--- START ---

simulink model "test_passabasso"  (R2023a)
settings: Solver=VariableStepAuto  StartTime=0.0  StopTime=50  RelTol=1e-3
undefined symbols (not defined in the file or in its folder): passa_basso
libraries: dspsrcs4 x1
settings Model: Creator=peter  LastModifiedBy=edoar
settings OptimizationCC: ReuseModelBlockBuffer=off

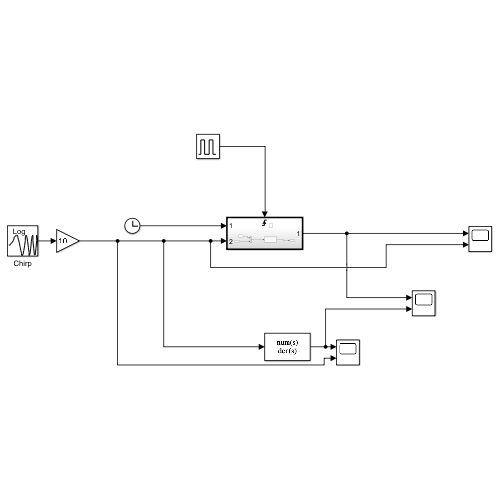
[thumbnail: Simulink's stored preview of the top-level diagram]
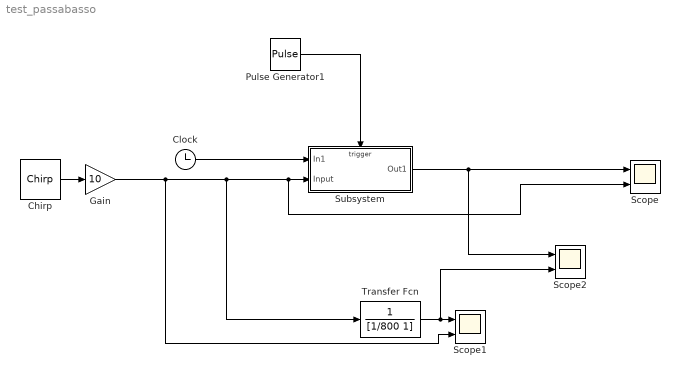
== system test_passabasso ==
  Chirp : dspsrcs4/Chirp  sweep=Logarithmic  mode=Unidirectional  f0=0.1  f1=20000  t1=50  Tsweep=50  phase=0  Ts=0.001  spf=1  datatype=Double  OutputFrames=off
  Clock : Clock
      settings: Decimation=100000
  Gain : Gain  Gain=10
  Pulse Generator1 : DiscretePulseGenerator  PulseType=Time based  Period=0.001  PulseWidth=50
  Scope : Scope  NumInputPorts=2
  Scope1 : Scope  NumInputPorts=2
  Scope2 : Scope  NumInputPorts=2
  Subsystem : Subsystem
  Transfer Fcn : TransferFcn  Denominator=[1/800 1]
  wires:
  Pulse Generator1/1 -> Subsystem/Trigger
  Clock/1 -> Subsystem/1(In1)
  Subsystem/1(Out1) -> Scope2/1, Scope/1
  Transfer Fcn/1 -> Scope2/2, Scope1/1
  Chirp/1 -> Gain/1
  Gain/1 -> Scope1/2, Transfer Fcn/1, Scope/2, Subsystem/2(Input)

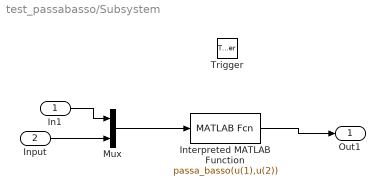
== system test_passabasso/Subsystem ==
  In1 : Inport
  Input : Inport  Port=2
  Trigger : TriggerPort  VariantControl=(inherit)  PortDimensions=1
  Interpreted MATLAB Function : MATLABFcn  MATLABFcn=passa_basso(u(1),u(2))
  Mux : Mux  Inputs=2
  Out1 : Outport
  wires:
  Mux/1 -> Interpreted MATLAB Function/1
  In1/1 -> Mux/1
  Interpreted MATLAB Function/1 -> Out1/1
  Input/1 -> Mux/2
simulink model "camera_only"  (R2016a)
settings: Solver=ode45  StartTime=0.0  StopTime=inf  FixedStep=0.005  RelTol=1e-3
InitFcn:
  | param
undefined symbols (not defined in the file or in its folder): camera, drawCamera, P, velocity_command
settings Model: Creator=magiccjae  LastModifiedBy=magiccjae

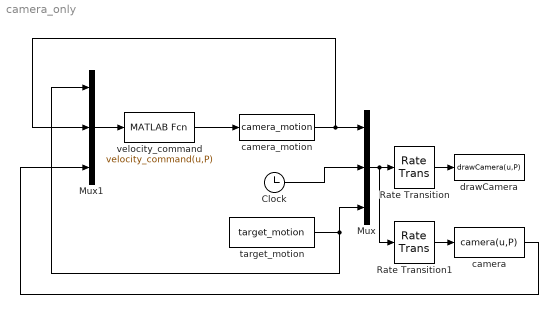
== system camera_only ==
  Clock : Clock
  Mux : Mux  Inputs=3
  Mux1 : Mux  Inputs=3
  Rate Transition : RateTransition  OutPortSampleTime=[0.05,0]
  Rate Transition1 : RateTransition  OutPortSampleTime=[0.02,0]
  camera : MATLABFcn  MATLABFcn=camera(u,P)
  camera_motion : S-Function  FunctionName=camera_motion  Parameters=P  SFunctionDeploymentMode=off  EnableBusSupport=off
  drawCamera : MATLABFcn  MATLABFcn=drawCamera(u,P)  OutputDimensions=0
  target_motion : S-Function  FunctionName=target_motion  Parameters=P  SFunctionDeploymentMode=off  EnableBusSupport=off
  velocity_command : MATLABFcn  MATLABFcn=velocity_command(u,P)  OutputDimensions=6
  wires:
  camera_motion/1 -> Mux1/2, Mux/1
  velocity_command/1 -> camera_motion/1
  Clock/1 -> Mux/2
  Mux/1 -> Rate Transition1/1, Rate Transition/1
  Rate Transition/1 -> drawCamera/1
  target_motion/1 -> Mux1/1, Mux/3
  Mux1/1 -> velocity_command/1
  camera/1 -> Mux1/3
  Rate Transition1/1 -> camera/1
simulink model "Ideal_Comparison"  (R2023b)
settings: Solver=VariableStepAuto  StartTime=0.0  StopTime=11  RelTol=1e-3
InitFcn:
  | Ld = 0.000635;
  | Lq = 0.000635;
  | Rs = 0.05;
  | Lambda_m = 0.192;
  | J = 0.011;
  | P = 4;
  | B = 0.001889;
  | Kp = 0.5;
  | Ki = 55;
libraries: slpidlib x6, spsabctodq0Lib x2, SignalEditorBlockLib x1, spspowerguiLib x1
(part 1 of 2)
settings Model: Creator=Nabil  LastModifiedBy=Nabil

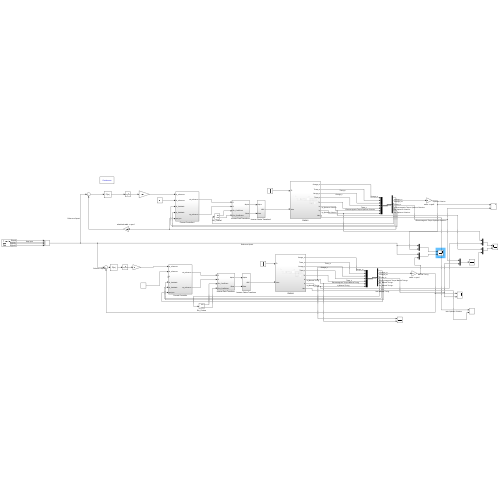
[thumbnail: Simulink's stored preview of the top-level diagram]
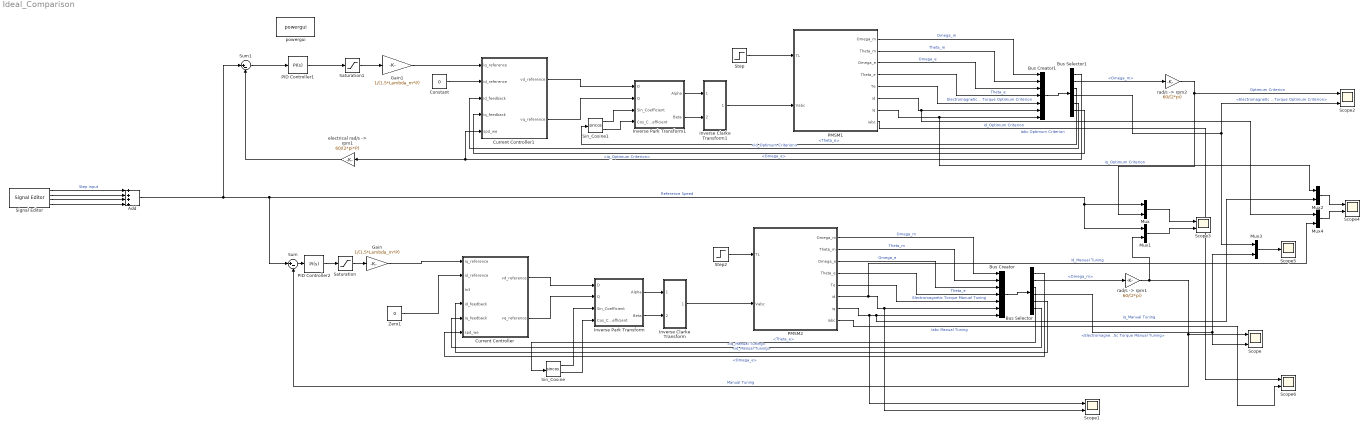
== system Ideal_Comparison ==
  Add : Sum  Inputs=++++
  Bus Creator : BusCreator  Inputs=7
  Bus Creator1 : BusCreator  Inputs=7
  Bus Selector : BusSelector  OutputSignals=Omega_e,Omega_m,Theta_e,Electromagnetic Torque Manual Tuning,id_Manual Tuning,iq_Manual Tuning
  Bus Selector1 : BusSelector  OutputSignals=Omega_e,Omega_m,Theta_e,Electromagnetic Torque Optimum Criterion,id_Optimum Criterion,iq_Optimum Criterion
  Constant : Constant  Value=0
  Current Controller : Subsystem
  Current Controller1 : Subsystem
  Gain : Gain  Gain=1/(1.5*Lambda_m*P)
  Gain1 : Gain  Gain=1/(1.5*Lambda_m*P)
  Inverse Clarke Transform : Subsystem
  Inverse Clarke Transform1 : Subsystem
  Inverse Park Transform : Subsystem
  Inverse Park Transform1 : Subsystem
  Mux{,1..4} (5 alike) : Mux  Inputs=2
  PID Controller1 : slpidlib/PID Controller  Controller=PI  Form=Parallel  TimeDomain=Continuous-time  UseExternalTs=off  SampleTime=-1  IntegratorMethod=Forward Euler  FilterMethod=Forward Euler  ControllerParametersSource=internal  P=0.218  I=2.25  UseKiTs=off  D=0  N=100  UseFilter=on  TunerSelectOption=Transfer Function Based (PID Tuner App)  InitialConditionSource=internal  InitialConditionForIntegrator=0  InitialConditionForFilter=0  DifferentiatorICPrevScaledInput=0  ExternalReset=none  TrackingMode=off  Kt=1  LimitOutput=off  SatLimitsSource=internal  UpperSaturationLimit=inf  LowerSaturationLimit=-inf  LinearizeAsGain=on  AntiWindupMode=none  Kb=1  LimitIntegrator=off  UpperIntegratorSaturationLimit=inf  LowerIntegratorSaturationLimit=-inf  POutMin=[]  POutMax=[]  IOutMin=[]  IOutMax=[]  DOutMin=[]  DOutMax=[]  NOutMin=[]  NOutMax=[]  SumOutMin=[]  SumOutMax=[]  SaturationOutMin=[]  SaturationOutMax=[]  PParamMin=[]  PParamMax=[]  IParamMin=[]  IParamMax=[]  DParamMin=[]  DParamMax=[]  NParamMin=[]  NParamMax=[]  KbParamMin=[]  KbParamMax=[]  KtParamMin=[]  KtParamMax=[]  KbOutMin=[]  KbOutMax=[]  KtOutMin=[]  KtOutMax=[]  IntegratorOutMin=[]  IntegratorOutMax=[]  FilterOutMin=[]  FilterOutMax=[]  SumI1OutMin=[]  SumI1OutMax=[]  SumI2OutMin=[]  SumI2OutMax=[]  SumI3OutMin=[]  SumI3OutMax=[]  SumI4OutMin=[]  SumI4OutMax=[]  SumDOutMin=[]  SumDOutMax=[]  DifferentiatorOutMin=[]  DifferentiatorOutMax=[]  FilterDiffOutCoefMin=[]  FilterDiffOutCoefMax=[]  ReciprocalOutMin=[]  ReciprocalOutMax=[]  SumDenOutMin=[]  SumDenOutMax=[]  SumNumOutMin=[]  SumNumOutMax=[]  DivideOutMin=[]  DivideOutMax=[]  UdiffTsProdOutMin=[]  UdiffTsProdOutMax=[]  NTsProdOutMin=[]  NTsProdOutMax=[]  UintegralTsProdOutMin=[]  UintegralTsProdOutMax=[]  UngainTsProdOutMin=[]  UngainTsProdOutMax=[]  ClampingZeroOutDataTypeStr=Inherit: Inherit via back propagation  ClampingZeroOutMin=[]  ClampingZeroOutMax=[]  FilterDenConstantOutDataTypeStr=Inherit: Inherit via back propagation  FilterDenConstantOutMin=[]  FilterDenConstantOutMax=[]  PCopyOutDataTypeStr=Inherit: Inherit via back propagation  PCopyOutMin=[]  PCopyOutMax=[]  NCopyOutDataTypeStr=Inherit: Inherit via back propagation  NCopyOutMin=[]  NCopyOutMax=[]  IntegratorContinuousStateAttributes=''  IntegratorStateMustResolveToSignalObject=off  IntegratorRTWStateStorageClass=Auto  FilterContinuousStateAttributes=''  FilterStateMustResolveToSignalObject=off  FilterRTWStateStorageClass=Auto  ParallelPVariant=InternalParameters  IdealPVariant=Disabled  IVariant=InternalParameters  DVariant=Disabled  IntegratorVariant=Continuous  SatVariant=Disabled  AWVariant=Passthrough  PCopyVariant=Disabled  TRVariant=Disabled  FdbkBlocksVariant=Forward  IdealPFdbkVariant=Disabled  SatFdbkVariant=Disabled  DerivativeFilterVariant=Disabled  NVariant=Disabled  NCopyVariant=Disabled_SignalSpec  FilterICVariant=Disabled  IntegratorICVariant=InternalICs  ExternalResetVariant=Disabled  TRSumVariant=Passthrough  SumFdbkVariant=Disabled  SumVariant=Sum_PI  TsampFilterVariant=InternalTs  TsampNgainVariant=Passthrough  TsampIntegralVariant=Disabled_SignalSpec  ExternalSaturationOutDataTypeStr=Inherit: Same as second input
  PID Controller2 : slpidlib/PID Controller  Controller=PI  Form=Parallel  TimeDomain=Continuous-time  UseExternalTs=off  SampleTime=-1  IntegratorMethod=Forward Euler  FilterMethod=Forward Euler  ControllerParametersSource=internal  P=0.3283  I=2.54  UseKiTs=off  D=0  N=100  UseFilter=on  TunerSelectOption=Transfer Function Based (PID Tuner App)  InitialConditionSource=internal  InitialConditionForIntegrator=0  InitialConditionForFilter=0  DifferentiatorICPrevScaledInput=0  ExternalReset=none  TrackingMode=off  Kt=1  LimitOutput=off  SatLimitsSource=internal  UpperSaturationLimit=inf  LowerSaturationLimit=-inf  LinearizeAsGain=on  AntiWindupMode=none  Kb=1  LimitIntegrator=off  UpperIntegratorSaturationLimit=inf  LowerIntegratorSaturationLimit=-inf  POutMin=[]  POutMax=[]  IOutMin=[]  IOutMax=[]  DOutMin=[]  DOutMax=[]  NOutMin=[]  NOutMax=[]  SumOutMin=[]  SumOutMax=[]  SaturationOutMin=[]  SaturationOutMax=[]  PParamMin=[]  PParamMax=[]  IParamMin=[]  IParamMax=[]  DParamMin=[]  DParamMax=[]  NParamMin=[]  NParamMax=[]  KbParamMin=[]  KbParamMax=[]  KtParamMin=[]  KtParamMax=[]  KbOutMin=[]  KbOutMax=[]  KtOutMin=[]  KtOutMax=[]  IntegratorOutMin=[]  IntegratorOutMax=[]  FilterOutMin=[]  FilterOutMax=[]  SumI1OutMin=[]  SumI1OutMax=[]  SumI2OutMin=[]  SumI2OutMax=[]  SumI3OutMin=[]  SumI3OutMax=[]  SumI4OutMin=[]  SumI4OutMax=[]  SumDOutMin=[]  SumDOutMax=[]  DifferentiatorOutMin=[]  DifferentiatorOutMax=[]  FilterDiffOutCoefMin=[]  FilterDiffOutCoefMax=[]  ReciprocalOutMin=[]  ReciprocalOutMax=[]  SumDenOutMin=[]  SumDenOutMax=[]  SumNumOutMin=[]  SumNumOutMax=[]  DivideOutMin=[]  DivideOutMax=[]  UdiffTsProdOutMin=[]  UdiffTsProdOutMax=[]  NTsProdOutMin=[]  NTsProdOutMax=[]  UintegralTsProdOutMin=[]  UintegralTsProdOutMax=[]  UngainTsProdOutMin=[]  UngainTsProdOutMax=[]  ClampingZeroOutDataTypeStr=Inherit: Inherit via back propagation  ClampingZeroOutMin=[]  ClampingZeroOutMax=[]  FilterDenConstantOutDataTypeStr=Inherit: Inherit via back propagation  FilterDenConstantOutMin=[]  FilterDenConstantOutMax=[]  PCopyOutDataTypeStr=Inherit: Inherit via back propagation  PCopyOutMin=[]  PCopyOutMax=[]  NCopyOutDataTypeStr=Inherit: Inherit via back propagation  NCopyOutMin=[]  NCopyOutMax=[]  IntegratorContinuousStateAttributes=''  IntegratorStateMustResolveToSignalObject=off  IntegratorRTWStateStorageClass=Auto  FilterContinuousStateAttributes=''  FilterStateMustResolveToSignalObject=off  FilterRTWStateStorageClass=Auto  ParallelPVariant=InternalParameters  IdealPVariant=Disabled  IVariant=InternalParameters  DVariant=Disabled  IntegratorVariant=Continuous  SatVariant=Disabled  AWVariant=Passthrough  PCopyVariant=Disabled  TRVariant=Disabled  FdbkBlocksVariant=Forward  IdealPFdbkVariant=Disabled  SatFdbkVariant=Disabled  DerivativeFilterVariant=Disabled  NVariant=Disabled  NCopyVariant=Disabled_SignalSpec  FilterICVariant=Disabled  IntegratorICVariant=InternalICs  ExternalResetVariant=Disabled  TRSumVariant=Passthrough  SumFdbkVariant=Disabled  SumVariant=Sum_PI  TsampFilterVariant=InternalTs  TsampNgainVariant=Passthrough  TsampIntegralVariant=Disabled_SignalSpec  ExternalSaturationOutDataTypeStr=Inherit: Same as second input
  PMSM1 : Subsystem
  PMSM2 : Subsystem
  Saturation : Saturate  UpperLimit=111  LowerLimit=-126
  Saturation1 : Saturate  UpperLimit=111  LowerLimit=-126
  Scope{,1..4,6} (6 alike) : Scope  NumInputPorts=2
  Scope5 : Scope
  Signal Editor : SignalEditorBlockLib/Signal Editor  FileName=D:\Semester 8\Files\Modeling 24_2_2024\Signal3.mat  ActiveScenario=Scenario  ActiveSignal=Signal  IsBus=off  OutputBusObjectStr=Bus: BusObject  SampleTime=0  Interpolate=off  ZeroCross=off  OutputAfterFinalValue=Setting to zero  Unit=inherit  PreserveSignalName=on  ApplySigPropsToAllScenarios=on  ApplySigPropsToAllSignals=off
  Sin_Cosine : Trigonometry  Operator=sincos
  Sin_Cosine1 : Trigonometry  Operator=sincos
  Step : Step  Before=10  After=35  SampleTime=0
  Step2 : Step  Before=10  After=35  SampleTime=0
  Sum : Sum  Inputs=|+-
  Sum1 : Sum  Inputs=|+-
  Zero1 : Constant  Value=0  OutDataTypeStr=Inherit: Inherit via back propagation
  "electrical rad/s -> rpm1" : Gain  Gain=60/(2*pi*P)
  powergui : spspowerguiLib/powergui  Priority=1  SimulationMode=Continuous  SampleTime=50e-6  frequency=60  Iterations=50  frequencyindice=0  Pbase=100e6  ErrMax=1e-4  UnitsV=kV  UnitsW=MW  buscounter=0  FunctionMessages=off  echomessages=off  EnableUseOfTLC=off  CurrentSourceSwitches=off  DisableSnubberDevices=off  DisableRonSwitches=off  DisableVfSwitches=off  DisplayEquations=off  AutomaticDiscreteSolvers=off  SolverType=Tustin/Backward Euler (TBE)  Interpol=off  ExternalGateDelay=off  methode=off  Ts=100  x0status=blocks  SPID=on  SwTol=0  HookPort=off  NonlinearTolerance=1e-4  nMaxIteration=100  ContinueOnMaxIteration=off  RestoreLinks=warning  ResistiveCurrentMeasurement=off  Frange=[0:2:500]  Ylog=off  Xlog=on  ShowGrid=off  save=off  variable=ZData  structure=0  ZoomFFT=off  StartTime=0.0  cycles=1  DisplayStyle=1  fundamental=60  FreqAxis=off  MaxFrequency=1000  frequencyindicesteady=1  RmsSteady=1  display=off
  "rad/s -> rpm1" : Gain  Gain=60/(2*pi)
  "rad/s -> rpm2" : Gain  Gain=60/(2*pi)
  wires:
  PMSM2/2(Theta_m) -> Bus Creator/2  "Theta_m"
  Bus Selector/4 -> Mux3/2, Scope/2  "<Electromagnetic Torque Manual Tuning>"
  Bus Selector/1 -> Current Controller/6(spd_we)  "<Omega_e>"
  PMSM2/3(Omega_e) -> Bus Creator/3  "Omega_e"
  PMSM2/6(id) -> Mux4/2, Scope1/2, Bus Creator/6  "id_Manual Tuning"
  PMSM2/7(iq) -> Scope1/1, Mux2/2, Bus Creator/7  "iq_Manual Tuning"
  PMSM2/5(Te) -> Bus Creator/5  "Electromagnetic Torque Manual Tuning"
  Gain/1 -> Current Controller/1(iq_reference)
  Sin_Cosine/1 -> Inverse Park Transform/3(Sin_Coefficient)
  Bus Selector/3 -> Sin_Cosine/1  "<Theta_e>"
  Inverse Park Transform/1(Alpha) -> Inverse Clarke Transform/1(Alpha)
  Current Controller/2(vq_reference) -> Inverse Park Transform/2(Q)
  Bus Selector/6 -> Current Controller/5(iq_feedback)  "<iq_Manual Tuning>"
  Bus Creator/1 -> Bus Selector/1
  Step2/1 -> PMSM2/1(TL)
  "rad/s -> rpm1"/1 -> Mux1/2, Scope/1, Sum/2  "Manual Tuning"
  Inverse Clarke Transform/1(ABC) -> PMSM2/2(Vabc)
  Sin_Cosine/2 -> Inverse Park Transform/4(Cos_Coefficient)
  Inverse Park Transform/2(Beta) -> Inverse Clarke Transform/2(Beta)
  Bus Selector/5 -> Current Controller/4(id_feedback)  "<id_Manual Tuning>"
  Bus Selector/2 -> "rad/s -> rpm1"/1  "<Omega_m>"
  PMSM2/4(Theta_e) -> Bus Creator/4  "Theta_e"
  Zero1/1 -> Current Controller/2(id_reference)
  Current Controller/1(vd_reference) -> Inverse Park Transform/1(D)
  PMSM2/1(Omega_m) -> Bus Creator/1  "Omega_m"
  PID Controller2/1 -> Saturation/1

--- END ---

Return only the number of lines in the data that hold the string "Clock".

RESULT
4